ATLANTA, Ga. — Carlton Rose, president, global fleet maintenance and engineering at UPS, is challenging the trucking industry to define the excellence needed to realize cleaner cities, safer vehicles, and underlying technical knowledge.
“If you’re the one who defines excellence, then you’re the one who shapes expertise to achieve it,” Rose said during a keynote presentation at the Technology and Maintenance Council’s (TMC) annual meeting.
A journey like that begins with understanding “mediocrity”, he stressed. And when it comes to trucking, that involves challenges such as air pollution, 97,000 annual crashes, or standing still as technology evolves.
“We can have a chance to define excellence and help to determine what’s needed to get there,” he said, referring to the role trucking can play in the call for cleaner cities. About 23% of greenhouse gas emissions can be traced to medium- and heavy-duty trucks. “Carbon is where we can get it right or wrong.”
And that means exploring options in alternative fuels.
With 330,000 pieces of equipment and 116,000 powered vehicles, UPS certainly has the opportunity to explore emerging technologies. “It helps us quickly deploy viable options at scale,” Rose said.
Those options have included two decades of investments in natural gas, leading to a fleet that now powers vehicles with Compressed Natural Gas (CNG), Liquefied Natural Gas (LNG), propane, and ethanol. Last year alone it announced plans to add six new CNG fueling centers, 390 CNG tractors, and 50 LNG vehicles.
“We’re especially excited about renewable natural gas,” he said, noting how it can be transformed into CNG or LNG. The methane itself can come from everything from decaying landfills to farms, and has 25% more global warming potential than carbon dioxide.
“We have to capture the methane before it escapes,” he said. “The idea is simple, but the logistics are challenging.”
The company also sees an increasing role for electrification, even though such trucks represent a fraction of today’s vehicles. UPS itself had battery-powered vehicles running in New York City from the 1930s to the ‘60s, traveling about 20 miles per hour. Then they faded away.
“Decades of cheap oil got in our way,” Rose said. But electrification is coming back. In the past decade the global carrier has introduced 122 electric package cars in the U.S., and 172 of them in other parts of the world, mainly in Europe. Two years ago it invested in 125 electric hybrids from Workhorse, and more than doubled down last year with an order for 200 more. It has also ordered 125 Tesla semis, representing Tesla’s biggest single order.

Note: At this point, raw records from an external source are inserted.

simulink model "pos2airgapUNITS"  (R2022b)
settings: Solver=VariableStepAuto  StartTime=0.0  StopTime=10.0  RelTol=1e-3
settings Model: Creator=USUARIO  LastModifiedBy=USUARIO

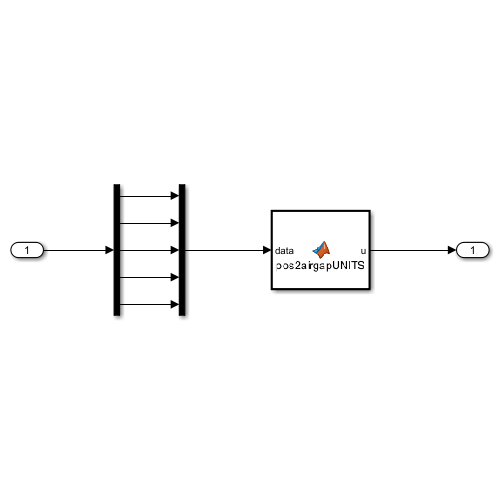
[thumbnail: Simulink's stored preview of the top-level diagram]
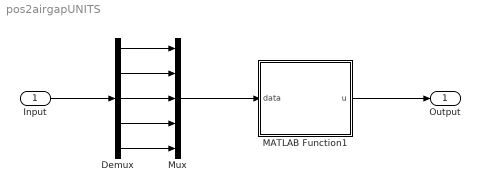
== system pos2airgapUNITS ==
  Input : Inport
  Demux : Demux  Outputs=5
  MATLAB Function1 : MATLAB Function  TreatAsAtomicUnit=on
  Mux : Mux  Inputs=5
  Output : Outport
  wires:
  Demux/1 -> Mux/1
  Demux/2 -> Mux/2
  Demux/5 -> Mux/5
  Demux/3 -> Mux/3
  Mux/1 -> MATLAB Function1/1(data)
  Demux/4 -> Mux/4
  Input/1 -> Demux/1
  MATLAB Function1/1(u) -> Output/1

== matlab function pos2airgapUNITS/MATLAB Function1 ==
  data: data input; u output
function u = pos2airgapUNITS(data)

% CONSTANTES

x_hems = [0.4475, 0.4475, 0.5465, 0.5465]; 
y_ems = [0.24253, 0.24253, 0.24253, 0.24253];
z_ems = [0.026, 0.026, 0.026, 0.026]; 

x_hems = [0.443, 0.443, 0.542, 0.542];
y_hems = [0.23686, 0.23686, 0.23686, 0.23686];
z_hems = [0.08546, 0.08546, 0.08546, 0.08546]; 

z_infr = 0.6328;

y = data(1);
z = data(2);
rotx = data(3);
roty = data(4);
rotz = data(5);



% DISTANCIAS
airgap5 = + y + y_ems(1) * cos(rotz) + x_sragy(1) * sin(rotz);
airgap6 = - y + y_ems(2) * cos(rotz) - x_sragy(2) * sin(rotz);
airgap7 = + y + y_ems(3) * cos(rotz) - x_sragy(3) * sin(rotz);
airgap8 = - y + y_ems(4) * cos(rotz) + x_sragy(4) * sin(rotz);


airgap1 =  +z - z_infr  + z_hems(1) * cos(roty) + x_hems(1) * sin(roty) - y_hems(1) * sin(rotx);
airgap2 =  +z - z_infr  + z_hems(2) * cos(roty) + x_hems(2) * sin(roty) + y_hems(2) * sin(rotx);
airgap3 =  +z - z_infr  + z_hems(3) * cos(roty) - x_hems(3) * sin(roty) - y_hems(3) * sin(rotx);
airgap4 =  +z - z_infr  + z_hems(4) * cos(roty) - x_hems(4) * sin(roty) + y_hems(4) * sin(rotx);


u =[airgap1, airgap2, airgap3, airgap4, airgap5, airgap6, airgap7, airgap8]';
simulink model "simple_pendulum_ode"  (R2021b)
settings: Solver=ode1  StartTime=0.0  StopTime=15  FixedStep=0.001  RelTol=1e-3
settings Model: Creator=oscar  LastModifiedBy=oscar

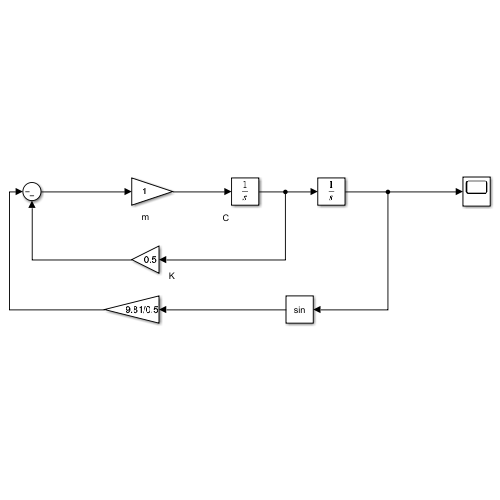
[thumbnail: Simulink's stored preview of the top-level diagram]
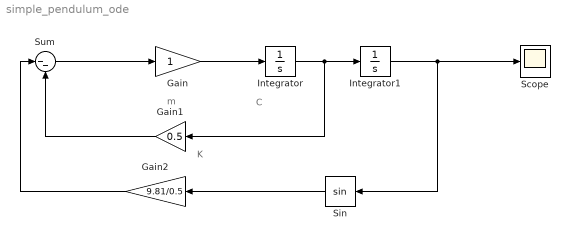
== system simple_pendulum_ode ==
  note: K
  note: m
  note: C
  Gain : Gain
  Gain1 : Gain  Gain=0.5
  Gain2 : Gain  Gain=9.81/0.5
  Integrator : Integrator
  Integrator1 : Integrator  InitialCondition=-pi/2
  Scope : Scope
  Sin : Trigonometry
  Sum : Sum  Inputs=|--
  wires:
  Gain1/1 -> Sum/2
  Gain2/1 -> Sum/1
  Gain/1 -> Integrator/1
  Integrator/1 -> Gain1/1, Integrator1/1
  Integrator1/1 -> Sin/1, Scope/1
  Sum/1 -> Gain/1
  Sin/1 -> Gain2/1

“We fully expect a lower total cost of ownership. Electric vehicles should be cheaper to maintain,” he said.
But the cost of infrastructure is expected to be higher. In ideal conditions, a Class 8 electric semi might travel 800 km on a single charge, and that will still vary depending on factors such as weather, traffic conditions, and loads. Re-charging in half an hour will also require huge amounts of power, requiring substations to be upgraded with new transformers, investments in transmission lines, and new natural-gas-powered generating stations.
Range anxiety is one thing to consider. “Infrastructure anxiety is real, too,” he said.
The fleet’s structure helps to offset such challenges. “Our hub system makes alternative vehicles possible. It’s essentially self-contained infrastructure,” Rose explained.
Shifting from electric to electronics, he stressed that autonomous vehicles are coming. “The real question,” he added, “is when.”
Interim technologies in the form of Automated Driver Assistance Systems (ADAS) could prevent 630,000 truck-related crashes per year, leveraging systems like lane departure warnings and automatic braking, Rose said.
“We all know about the fuel savings platooning could deliver,” he added, referring to 5% efficiencies for lead vehicles and 10% for those in the back. “ADAS is the key to unlocking that value.”
All of the changes emphasize the need to expand technical knowledge.
Not every technology will be right for all companies at all times, Rose said. But he still encouraged the crowd of maintenance executives to embrace change, and not sacrifice the good while waiting for something to be perfect.
“We must be willing to change as technology changes,” he said.
“Far too often we’re mentally enslaved to the familiar.”